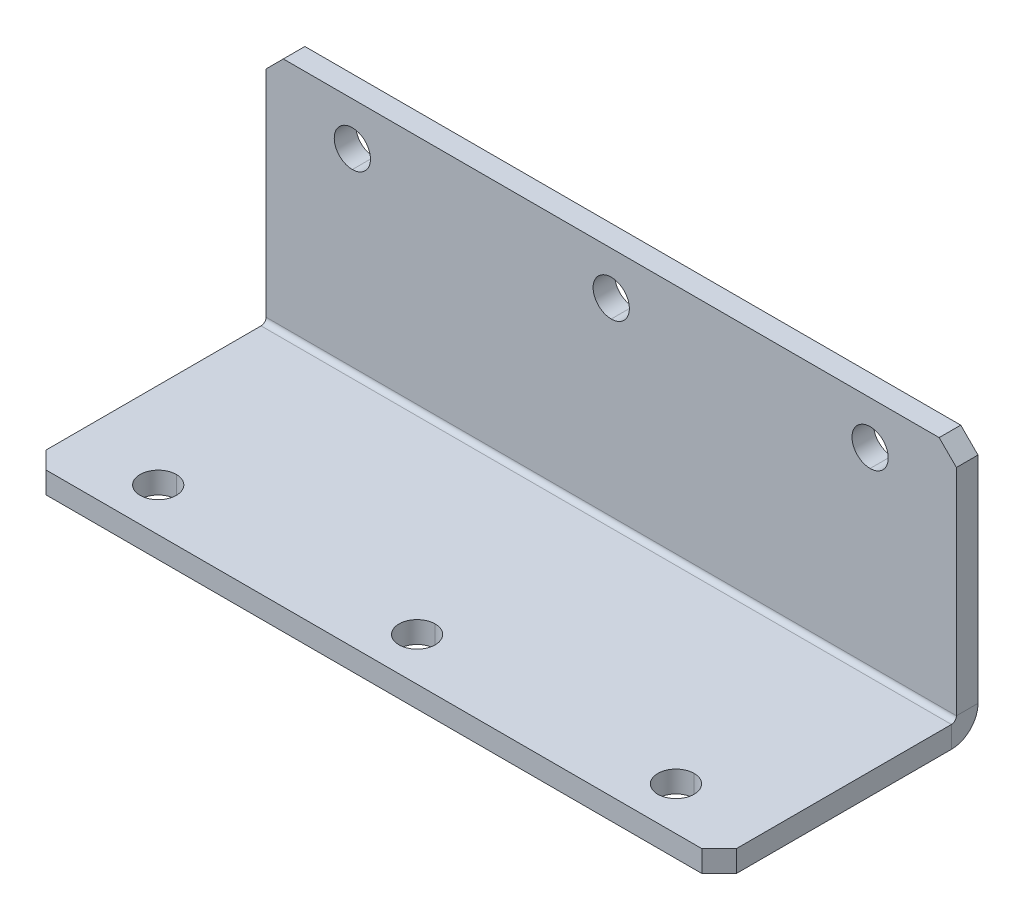
ISO-10303-21;
HEADER;
FILE_DESCRIPTION(('STEP AP214'),'2;1');
FILE_NAME('part.step','',(''),(''),'','','');
FILE_SCHEMA(('AUTOMOTIVE_DESIGN { 1 0 10303 214 1 1 1 1 }'));
ENDSEC;
DATA;
#1=APPLICATION_CONTEXT('core data for automotive mechanical design processes');
#2=APPLICATION_PROTOCOL_DEFINITION('international standard','automotive_design',2000,#1);
#3=PRODUCT_CONTEXT('',#1,'mechanical');
#4=PRODUCT('Part','Part','',(#3));
#5=PRODUCT_RELATED_PRODUCT_CATEGORY('part','',(#4));
#6=PRODUCT_DEFINITION_FORMATION('','',#4);
#7=PRODUCT_DEFINITION_CONTEXT('part definition',#1,'design');
#8=PRODUCT_DEFINITION('design','',#6,#7);
#9=PRODUCT_DEFINITION_SHAPE('','',#8);
#10=(LENGTH_UNIT() NAMED_UNIT(*) SI_UNIT(.MILLI.,.METRE.));
#11=(NAMED_UNIT(*) PLANE_ANGLE_UNIT() SI_UNIT($,.RADIAN.));
#12=(NAMED_UNIT(*) SI_UNIT($,.STERADIAN.) SOLID_ANGLE_UNIT());
#13=UNCERTAINTY_MEASURE_WITH_UNIT(LENGTH_MEASURE(1.E-05),#10,'distance_accuracy_value','');
#14=(GEOMETRIC_REPRESENTATION_CONTEXT(3) GLOBAL_UNCERTAINTY_ASSIGNED_CONTEXT((#13)) GLOBAL_UNIT_ASSIGNED_CONTEXT((#10,
#11,#12)) REPRESENTATION_CONTEXT('',''));
#15=CARTESIAN_POINT('',(0.,0.,0.));
#16=DIRECTION('',(0.,0.,1.));
#17=DIRECTION('',(1.,0.,0.));
#18=AXIS2_PLACEMENT_3D('',#15,#16,#17);
#19=CARTESIAN_POINT('',(88.9,28.575,0.));
#20=DIRECTION('',(0.,0.,-1.));
#21=DIRECTION('',(0.,1.,0.));
#22=AXIS2_PLACEMENT_3D('',#19,#20,#21);
#23=CYLINDRICAL_SURFACE('',#22,2.667);
#24=CARTESIAN_POINT('',(88.9,28.575,-34.925));
#25=DIRECTION('',(0.,0.,-1.));
#26=DIRECTION('',(1.,0.,0.));
#27=AXIS2_PLACEMENT_3D('',#24,#25,#26);
#28=CIRCLE('',#27,2.667);
#29=CARTESIAN_POINT('',(88.9,25.908,-34.925));
#30=VERTEX_POINT('',#29);
#31=CARTESIAN_POINT('',(88.9,31.242,-34.925));
#32=VERTEX_POINT('',#31);
#33=EDGE_CURVE('E41',#30,#32,#28,.T.);
#34=ORIENTED_EDGE('',*,*,#33,.F.);
#35=DIRECTION('',(0.,0.,-1.));
#36=VECTOR('',#35,1.);
#37=CARTESIAN_POINT('',(88.9,25.908,0.));
#38=LINE('',#37,#36);
#39=CARTESIAN_POINT('',(88.9,25.908,-38.1));
#40=VERTEX_POINT('',#39);
#41=EDGE_CURVE('E11',#30,#40,#38,.T.);
#42=ORIENTED_EDGE('',*,*,#41,.T.);
#43=CARTESIAN_POINT('',(88.9,28.575,-38.1));
#44=DIRECTION('',(0.,0.,1.));
#45=DIRECTION('',(0.,1.,0.));
#46=AXIS2_PLACEMENT_3D('',#43,#44,#45);
#47=CIRCLE('',#46,2.667);
#48=CARTESIAN_POINT('',(88.9,31.242,-38.1));
#49=VERTEX_POINT('',#48);
#50=EDGE_CURVE('E320',#49,#40,#47,.T.);
#51=ORIENTED_EDGE('',*,*,#50,.F.);
#52=DIRECTION('',(0.,0.,-1.));
#53=VECTOR('',#52,1.);
#54=CARTESIAN_POINT('',(88.9,31.242,0.));
#55=LINE('',#54,#53);
#56=EDGE_CURVE('E324',#32,#49,#55,.T.);
#57=ORIENTED_EDGE('',*,*,#56,.F.);
#58=EDGE_LOOP('',(#34,#42,#51,#57));
#59=FACE_BOUND('',#58,.T.);
#60=ADVANCED_FACE('F16',(#59),#23,.F.);
#61=CARTESIAN_POINT('',(12.7,28.575,0.));
#62=DIRECTION('',(0.,0.,-1.));
#63=DIRECTION('',(0.,1.,0.));
#64=AXIS2_PLACEMENT_3D('',#61,#62,#63);
#65=CYLINDRICAL_SURFACE('',#64,2.667);
#66=CARTESIAN_POINT('',(12.7,28.575,-34.925));
#67=DIRECTION('',(0.,0.,-1.));
#68=DIRECTION('',(1.,0.,0.));
#69=AXIS2_PLACEMENT_3D('',#66,#67,#68);
#70=CIRCLE('',#69,2.667);
#71=CARTESIAN_POINT('',(12.7,25.908,-34.925));
#72=VERTEX_POINT('',#71);
#73=CARTESIAN_POINT('',(12.7,31.242,-34.925));
#74=VERTEX_POINT('',#73);
#75=EDGE_CURVE('E20',#72,#74,#70,.T.);
#76=ORIENTED_EDGE('',*,*,#75,.F.);
#77=DIRECTION('',(0.,0.,-1.));
#78=VECTOR('',#77,1.);
#79=CARTESIAN_POINT('',(12.7,25.908,0.));
#80=LINE('',#79,#78);
#81=CARTESIAN_POINT('',(12.7,25.908,-38.1));
#82=VERTEX_POINT('',#81);
#83=EDGE_CURVE('E27',#72,#82,#80,.T.);
#84=ORIENTED_EDGE('',*,*,#83,.T.);
#85=CARTESIAN_POINT('',(12.7,28.575,-38.1));
#86=DIRECTION('',(0.,0.,1.));
#87=DIRECTION('',(0.,-1.,0.));
#88=AXIS2_PLACEMENT_3D('',#85,#86,#87);
#89=CIRCLE('',#88,2.667);
#90=CARTESIAN_POINT('',(12.7,31.242,-38.1));
#91=VERTEX_POINT('',#90);
#92=EDGE_CURVE('E332',#91,#82,#89,.T.);
#93=ORIENTED_EDGE('',*,*,#92,.F.);
#94=DIRECTION('',(0.,0.,-1.));
#95=VECTOR('',#94,1.);
#96=CARTESIAN_POINT('',(12.7,31.242,0.));
#97=LINE('',#96,#95);
#98=EDGE_CURVE('E305',#74,#91,#97,.T.);
#99=ORIENTED_EDGE('',*,*,#98,.F.);
#100=EDGE_LOOP('',(#76,#84,#93,#99));
#101=FACE_BOUND('',#100,.T.);
#102=ADVANCED_FACE('F533',(#101),#65,.F.);
#103=CARTESIAN_POINT('',(50.8,28.575,0.));
#104=DIRECTION('',(0.,0.,-1.));
#105=DIRECTION('',(0.,1.,0.));
#106=AXIS2_PLACEMENT_3D('',#103,#104,#105);
#107=CYLINDRICAL_SURFACE('',#106,2.667);
#108=CARTESIAN_POINT('',(50.8,28.575,-34.925));
#109=DIRECTION('',(0.,0.,-1.));
#110=DIRECTION('',(1.,0.,0.));
#111=AXIS2_PLACEMENT_3D('',#108,#109,#110);
#112=CIRCLE('',#111,2.667);
#113=CARTESIAN_POINT('',(50.8,25.908,-34.925));
#114=VERTEX_POINT('',#113);
#115=CARTESIAN_POINT('',(50.8,31.242,-34.925));
#116=VERTEX_POINT('',#115);
#117=EDGE_CURVE('E319',#114,#116,#112,.T.);
#118=ORIENTED_EDGE('',*,*,#117,.F.);
#119=DIRECTION('',(0.,0.,-1.));
#120=VECTOR('',#119,1.);
#121=CARTESIAN_POINT('',(50.8,25.908,0.));
#122=LINE('',#121,#120);
#123=CARTESIAN_POINT('',(50.8,25.908,-38.1));
#124=VERTEX_POINT('',#123);
#125=EDGE_CURVE('E271',#114,#124,#122,.T.);
#126=ORIENTED_EDGE('',*,*,#125,.T.);
#127=CARTESIAN_POINT('',(50.8,28.575,-38.1));
#128=DIRECTION('',(0.,0.,1.));
#129=DIRECTION('',(0.,-1.,0.));
#130=AXIS2_PLACEMENT_3D('',#127,#128,#129);
#131=CIRCLE('',#130,2.667);
#132=CARTESIAN_POINT('',(50.8,31.242,-38.1));
#133=VERTEX_POINT('',#132);
#134=EDGE_CURVE('E345',#133,#124,#131,.T.);
#135=ORIENTED_EDGE('',*,*,#134,.F.);
#136=DIRECTION('',(0.,0.,-1.));
#137=VECTOR('',#136,1.);
#138=CARTESIAN_POINT('',(50.8,31.242,0.));
#139=LINE('',#138,#137);
#140=EDGE_CURVE('E303',#116,#133,#139,.T.);
#141=ORIENTED_EDGE('',*,*,#140,.F.);
#142=EDGE_LOOP('',(#118,#126,#135,#141));
#143=FACE_BOUND('',#142,.T.);
#144=ADVANCED_FACE('F538',(#143),#107,.F.);
#145=CARTESIAN_POINT('',(88.9,34.925,-6.35));
#146=DIRECTION('',(0.,-1.,0.));
#147=DIRECTION('',(0.,0.,-1.));
#148=AXIS2_PLACEMENT_3D('',#145,#146,#147);
#149=CYLINDRICAL_SURFACE('',#148,2.667);
#150=CARTESIAN_POINT('',(88.9,0.,-6.35));
#151=DIRECTION('',(0.,1.,0.));
#152=DIRECTION('',(0.,0.,1.));
#153=AXIS2_PLACEMENT_3D('',#150,#151,#152);
#154=CIRCLE('',#153,2.667);
#155=CARTESIAN_POINT('',(88.9,0.,-9.017));
#156=VERTEX_POINT('',#155);
#157=CARTESIAN_POINT('',(88.9,0.,-3.683));
#158=VERTEX_POINT('',#157);
#159=EDGE_CURVE('E275',#156,#158,#154,.T.);
#160=ORIENTED_EDGE('',*,*,#159,.T.);
#161=DIRECTION('',(0.,-1.,0.));
#162=VECTOR('',#161,1.);
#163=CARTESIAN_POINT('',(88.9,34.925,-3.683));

■ Activity
Would you quote everything above from the line containing "#49=VERTEX_POINT('',#48);" down to the line containing "#70=CIRCLE('',#69,2.667);"? Include both of those lines and nothing else.

■ Answer box
#49=VERTEX_POINT('',#48);
#50=EDGE_CURVE('E320',#49,#40,#47,.T.);
#51=ORIENTED_EDGE('',*,*,#50,.F.);
#52=DIRECTION('',(0.,0.,-1.));
#53=VECTOR('',#52,1.);
#54=CARTESIAN_POINT('',(88.9,31.242,0.));
#55=LINE('',#54,#53);
#56=EDGE_CURVE('E324',#32,#49,#55,.T.);
#57=ORIENTED_EDGE('',*,*,#56,.F.);
#58=EDGE_LOOP('',(#34,#42,#51,#57));
#59=FACE_BOUND('',#58,.T.);
#60=ADVANCED_FACE('F16',(#59),#23,.F.);
#61=CARTESIAN_POINT('',(12.7,28.575,0.));
#62=DIRECTION('',(0.,0.,-1.));
#63=DIRECTION('',(0.,1.,0.));
#64=AXIS2_PLACEMENT_3D('',#61,#62,#63);
#65=CYLINDRICAL_SURFACE('',#64,2.667);
#66=CARTESIAN_POINT('',(12.7,28.575,-34.925));
#67=DIRECTION('',(0.,0.,-1.));
#68=DIRECTION('',(1.,0.,0.));
#69=AXIS2_PLACEMENT_3D('',#66,#67,#68);
#70=CIRCLE('',#69,2.667);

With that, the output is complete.